Date of Settlement: March 10.
Court and Case No.: C.P. Philadelphia No. 120803464
Judge: Jacqueline F. Allen.
Type of Action: Civil rights, unlawful arrest.
Injuries: Soft tissue injuries.
Plaintiffs Counsel: Eric Rayz, Kalikhman & Rayz, Huntingdon Valley, Pa.
Defense Counsel: Amanda C. Shoffel, Deputy City Solicitor, Philadelphia.
Defense Expert: Dr. Joseph Bernstein, orthopedist, Philadelphia.
Comment: On Sept. 3, 2010, plaintiff Kimla Robinson, who was 47 at the time, was walking in the Overbrook section of Philadelphia when she saw a crowd of people and several police officers involved in a fight with Askia Sabur, according to the plaintiff’s settlement memorandum. The memo said that, “like others in the crowd,” Robinson took out her phone and began taking pictures of the altercation. When the altercation ended, Robinson closed her phone and began walking away, but she was then suddenly grabbed by two police officers, the memo said.
One officer allegedly held Robinson’s ponytail and slammed her against a police cruiser, and the other officer held Robinson’s arms behind her back and then pulled them over her head, the memo said. According to the memo, the police took Robinson’s phone, handcuffed her, searched her and pushed her into the back of the police vehicle. Robinson’s head was smashed into the door as she entered the vehicle, the memo said.
Robinson contended there was no justification for the officers’ actions, except that the police were trying to “thwart” people from taking pictures of the initial altercation. Robinson’s memo said the police would not answer her questions as to why she was being arrested.
Robinson was put in a holding cell, where she had to sit for several hours, the memo said. According to the memo, Robinson said she was in pain and requested emergency medical attention, but the police did not address her requests for at least 24 hours. Robinson was not prosecuted, and while her phone was returned to her upon release, it was too damaged to be repaired, the memo said.
Robinson sued Sabur, the city of Philadelphia and 25 police officers. She alleged excessive force, assault, false arrest, false imprisonment, wrongful confiscation and destruction of evidence. Sabur also sued the city of Philadelphia, and the cases were consolidated before Sabur’s settled separately.
In the defendant’s answer, the city denied all the allegations, and argued that any injuries were the result of Robinson’s misconduct, and that she assumed the risk of any injuries. The city also asserted a governmental immunity protection and law enforcement privilege, and said that any force was reasonable and necessary.

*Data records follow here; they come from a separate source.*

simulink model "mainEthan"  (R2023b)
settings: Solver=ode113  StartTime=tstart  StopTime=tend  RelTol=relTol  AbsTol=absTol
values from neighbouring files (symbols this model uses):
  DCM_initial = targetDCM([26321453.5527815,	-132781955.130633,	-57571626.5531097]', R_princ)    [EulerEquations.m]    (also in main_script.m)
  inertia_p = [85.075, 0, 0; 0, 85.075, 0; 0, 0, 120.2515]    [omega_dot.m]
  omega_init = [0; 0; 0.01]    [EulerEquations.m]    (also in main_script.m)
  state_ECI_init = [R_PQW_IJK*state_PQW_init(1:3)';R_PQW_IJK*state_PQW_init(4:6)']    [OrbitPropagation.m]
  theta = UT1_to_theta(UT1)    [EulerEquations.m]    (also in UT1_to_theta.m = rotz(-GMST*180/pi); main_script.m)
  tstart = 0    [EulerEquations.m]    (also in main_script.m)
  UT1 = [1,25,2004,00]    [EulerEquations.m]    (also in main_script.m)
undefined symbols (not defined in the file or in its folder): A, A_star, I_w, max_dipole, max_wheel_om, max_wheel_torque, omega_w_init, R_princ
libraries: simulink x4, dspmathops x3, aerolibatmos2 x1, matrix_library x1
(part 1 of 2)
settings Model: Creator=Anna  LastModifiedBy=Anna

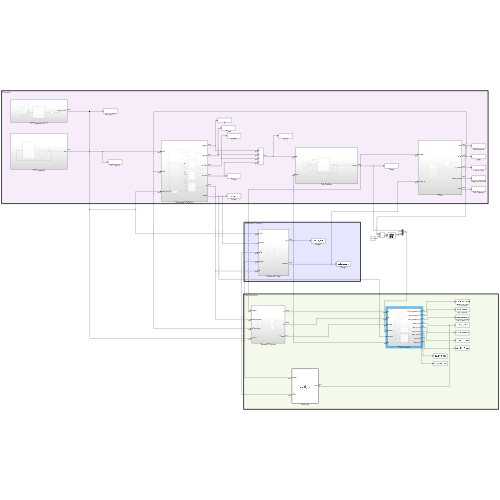
[thumbnail: Simulink's stored preview of the top-level diagram]
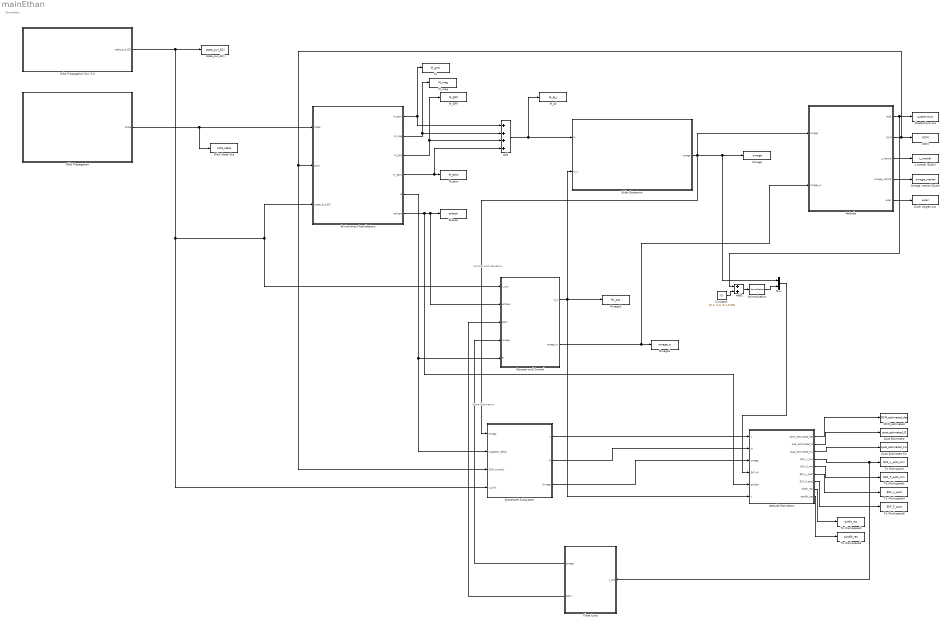
== system mainEthan ==
  note: Control and Actuation
  note: Simulation
  note: State Estimation
  Actuator and Control : Subsystem
  Add : Sum  Inputs=++++
  Add1 : Sum
  Attitude : Subsystem
  Attitude Estimation : Subsystem
  Close Loop : MATLAB Function  TreatAsAtomicUnit=on
  Constant : Constant  Value=[0.1, 0.2, 0.1,0.05]
  DCM : ToWorkspace  VariableName=DCM  SaveFormat=Timeseries  SampleTime=-1
  DCM_estimated : ToWorkspace  VariableName=DCM_estimated_det  SaveFormat=Timeseries  SampleTime=-1
      settings: Save2DSignal=2-D array (concatenate along first dimension)
  Eclipse : ToWorkspace  VariableName=eclipse  SaveFormat=Timeseries  SampleTime=-1
  Environment Petrubations : Subsystem
  Euler Angles out : ToWorkspace  VariableName=euler  SaveFormat=Timeseries  SampleTime=-1
  Euler Equations : Subsystem
  L inertial (Euler) : ToWorkspace  VariableName=L_inertial  SaveFormat=Timeseries  SampleTime=-1
  M : ToWorkspace  VariableName=M_grav  SaveFormat=Timeseries  SampleTime=-1
      settings: Save2DSignal=2-D array (concatenate along first dimension)
  M_All : ToWorkspace  VariableName=M_ALL  SaveFormat=Timeseries  SampleTime=-1
      settings: Save2DSignal=2-D array (concatenate along first dimension)
  M_SRP : ToWorkspace  VariableName=M_SRP  SaveFormat=Timeseries  SampleTime=-1
      settings: Save2DSignal=2-D array (concatenate along first dimension)
  M_aero : ToWorkspace  VariableName=M_aero  SaveFormat=Timeseries  SampleTime=-1
      settings: Save2DSignal=2-D array (concatenate along first dimension)
  M_mag : ToWorkspace  VariableName=M_mag  SaveFormat=Timeseries  SampleTime=-1
      settings: Save2DSignal=2-D array (concatenate along first dimension)
  Mux : Mux  Inputs=2
  Normalization : dspmathops/Normalization  NormType=Squared 2-norm  Bias=1e-10  NormOver=Each column  Dimension=1  roundingMode=Floor  overflowMode=off  accumDataTypeStr=Inherit: Same as product output  accumLastDataTypeStr=Inherit: Same as product output  outputDataTypeStr=Inherit: Same as product output  outputMin=[]  outputMax=[]  outputLastDataTypeStr=Inherit: Same as product output
  Omega : ToWorkspace  VariableName=omega  SaveFormat=Timeseries  SampleTime=-1
      settings: Save2DSignal=2-D array (concatenate along first dimension)
  Omega inertial (Euler) : ToWorkspace  VariableName=omega_inertial  SaveFormat=Timeseries  SampleTime=-1
  Omega1 : ToWorkspace  VariableName=omega_w  SaveFormat=Timeseries  SampleTime=-1
      settings: Save2DSignal=2-D array (concatenate along first dimension)
  Omega2 : ToWorkspace  VariableName=Mc_act  SaveFormat=Timeseries  SampleTime=-1
      settings: Save2DSignal=2-D array (concatenate along first dimension)
  Orbit Propagation : Subsystem
  Orbit Propagation Sun 3.0 : Subsystem
  Orbit State Out : ToWorkspace  VariableName=orbit_state  SaveFormat=Timeseries  SampleTime=-1
  Quat Estimated : ToWorkspace  VariableName=quat_estimated_Q  SaveFormat=Timeseries  SampleTime=-1
  Quat Estimated Kin : ToWorkspace  VariableName=quat_estimated_kin  SaveFormat=Timeseries  SampleTime=-1
  Quaternions out : ToWorkspace  VariableName=quaternions  SaveFormat=Timeseries  SampleTime=-1
  Spacecraft Subsystem : Subsystem
  To Workspace : ToWorkspace  VariableName=EKF_x_post_min  SaveFormat=Timeseries  SampleTime=-1
  To Workspace1 : ToWorkspace  VariableName=EKF_P_post_min  SaveFormat=Timeseries  SampleTime=-1
  To Workspace2 : ToWorkspace  VariableName=prefit_res  SaveFormat=Timeseries  SampleTime=-1
  To Workspace3 : ToWorkspace  VariableName=postfit_res  SaveFormat=Timeseries  SampleTime=-1
  To Workspace4 : ToWorkspace  VariableName=EKF_x_post  SaveFormat=Timeseries  SampleTime=-1
  To Workspace5 : ToWorkspace  VariableName=EKF_P_post  SaveFormat=Timeseries  SampleTime=-1
  state_sun_ECI : ToWorkspace  VariableName=state_sun_ECI  SaveFormat=Timeseries  SampleTime=-1
  wires:
  Environment Petrubations/2(M_mag) -> M_mag/1, Add/2
  Orbit Propagation/1(state) -> Orbit State Out/1, Environment Petrubations/1(state)
  Add/1 -> Euler Equations/1(M), M_All/1
  Environment Petrubations/3(M_SRP) -> M_SRP/1, Add/3
  Environment Petrubations/4(M_aero) -> Add/4, M_aero/1
  Orbit Propagation Sun 3.0/1(state_sun_ECI) -> Spacecraft Subsystem/4(r_sun1), Environment Petrubations/3(state_Sun_ECI), Actuator and Control/1(r_sun), state_sun_ECI/1
  Spacecraft Subsystem/1(V) -> Attitude Estimation/1(V)
  Spacecraft Subsystem/2(M) -> Attitude Estimation/2(M)
  Environment Petrubations/5(B) -> Spacecraft Subsystem/2(magnetic_field1), Actuator and Control/5(B)
  Attitude Estimation/1(DCM_estimated_det) -> DCM_estimated/1
  Attitude Estimation/2(quat_estimated_Q) -> Quat Estimated/1
  Attitude Estimation/3(quat_estimated_kin) -> Quat Estimated Kin/1
  Spacecraft Subsystem/3(Omega) -> Attitude Estimation/3(omega)
  Attitude Estimation/5(EKF_P_min) -> To Workspace1/1
  Attitude Estimation/4(EKF_x_min) -> To Workspace/1, Close Loop/1(x_est)
  Mux/1 -> Attitude Estimation/4(EKF x0)
  Attitude Estimation/7(EKF_P_post) -> To Workspace5/1
  Attitude Estimation/6(EKF_x_post) -> To Workspace4/1
  Environment Petrubations/6(eclipse) -> Attitude Estimation/5(" eclipse"), Actuator and Control/2(eclipse), Eclipse/1
  Attitude Estimation/8(prefit_res) -> To Workspace2/1
  Attitude Estimation/9(postfit_res) -> To Workspace3/1
  Normalization/1 -> Mux/2
  Add1/1 -> Normalization/1
  Constant/1 -> Add1/2
  Actuator and Control/1(M_c) -> Euler Equations/2(M_c), Omega2/1, Attitude Estimation/6(u)
  Actuator and Control/2(omega_w) -> Attitude/2(omega_w), Omega1/1
  Close Loop/1(omega) -> Actuator and Control/4(omega)
  Close Loop/2(DCM) -> Actuator and Control/3(DCM)
  Environment Petrubations/1(M_grav) -> Add/1, M/1
  Attitude/2(DCM) -> DCM/1, Spacecraft Subsystem/3(DCM current1), Environment Petrubations/2(DCM)
  Attitude/1(quat) -> Quaternions out/1, Add1/1
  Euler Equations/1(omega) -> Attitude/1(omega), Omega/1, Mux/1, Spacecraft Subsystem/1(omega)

Robinson contended in her memo that the incident caused bruises, abrasions, headaches and soft tissue injuries to her shoulders and wrists. She contended that the shoulder injuries included a ruptured rotator cuff and exacerbation of a pre-existing condition. She also claimed to suffer from peripheral neuropathy and lower back pain, as well as an aggravation of a prior lumbar fusion surgery.
Robinson said the injuries led to difficulty sleeping and increased anxiety. Robinson also claimed a $15,587 lien.
According to the medical history Robinson gave the city’s independent medical examiner, she went to the emergency room the day after the incident, and also underwent sacral X-rays and an MRI of the left shoulder. The medical history also said she underwent a right shoulder surgery in 2010, a left shoulder surgery in 2012 and a second left shoulder surgery in 2013.
The city’s medical examiner reported that Robinson’s medical examination was normal, that she had prior pain and that her MRIs showed degenerative conditions. The city also argued in its answer that Robinson did not need future treatments, and that her activities were not restricted due to the event.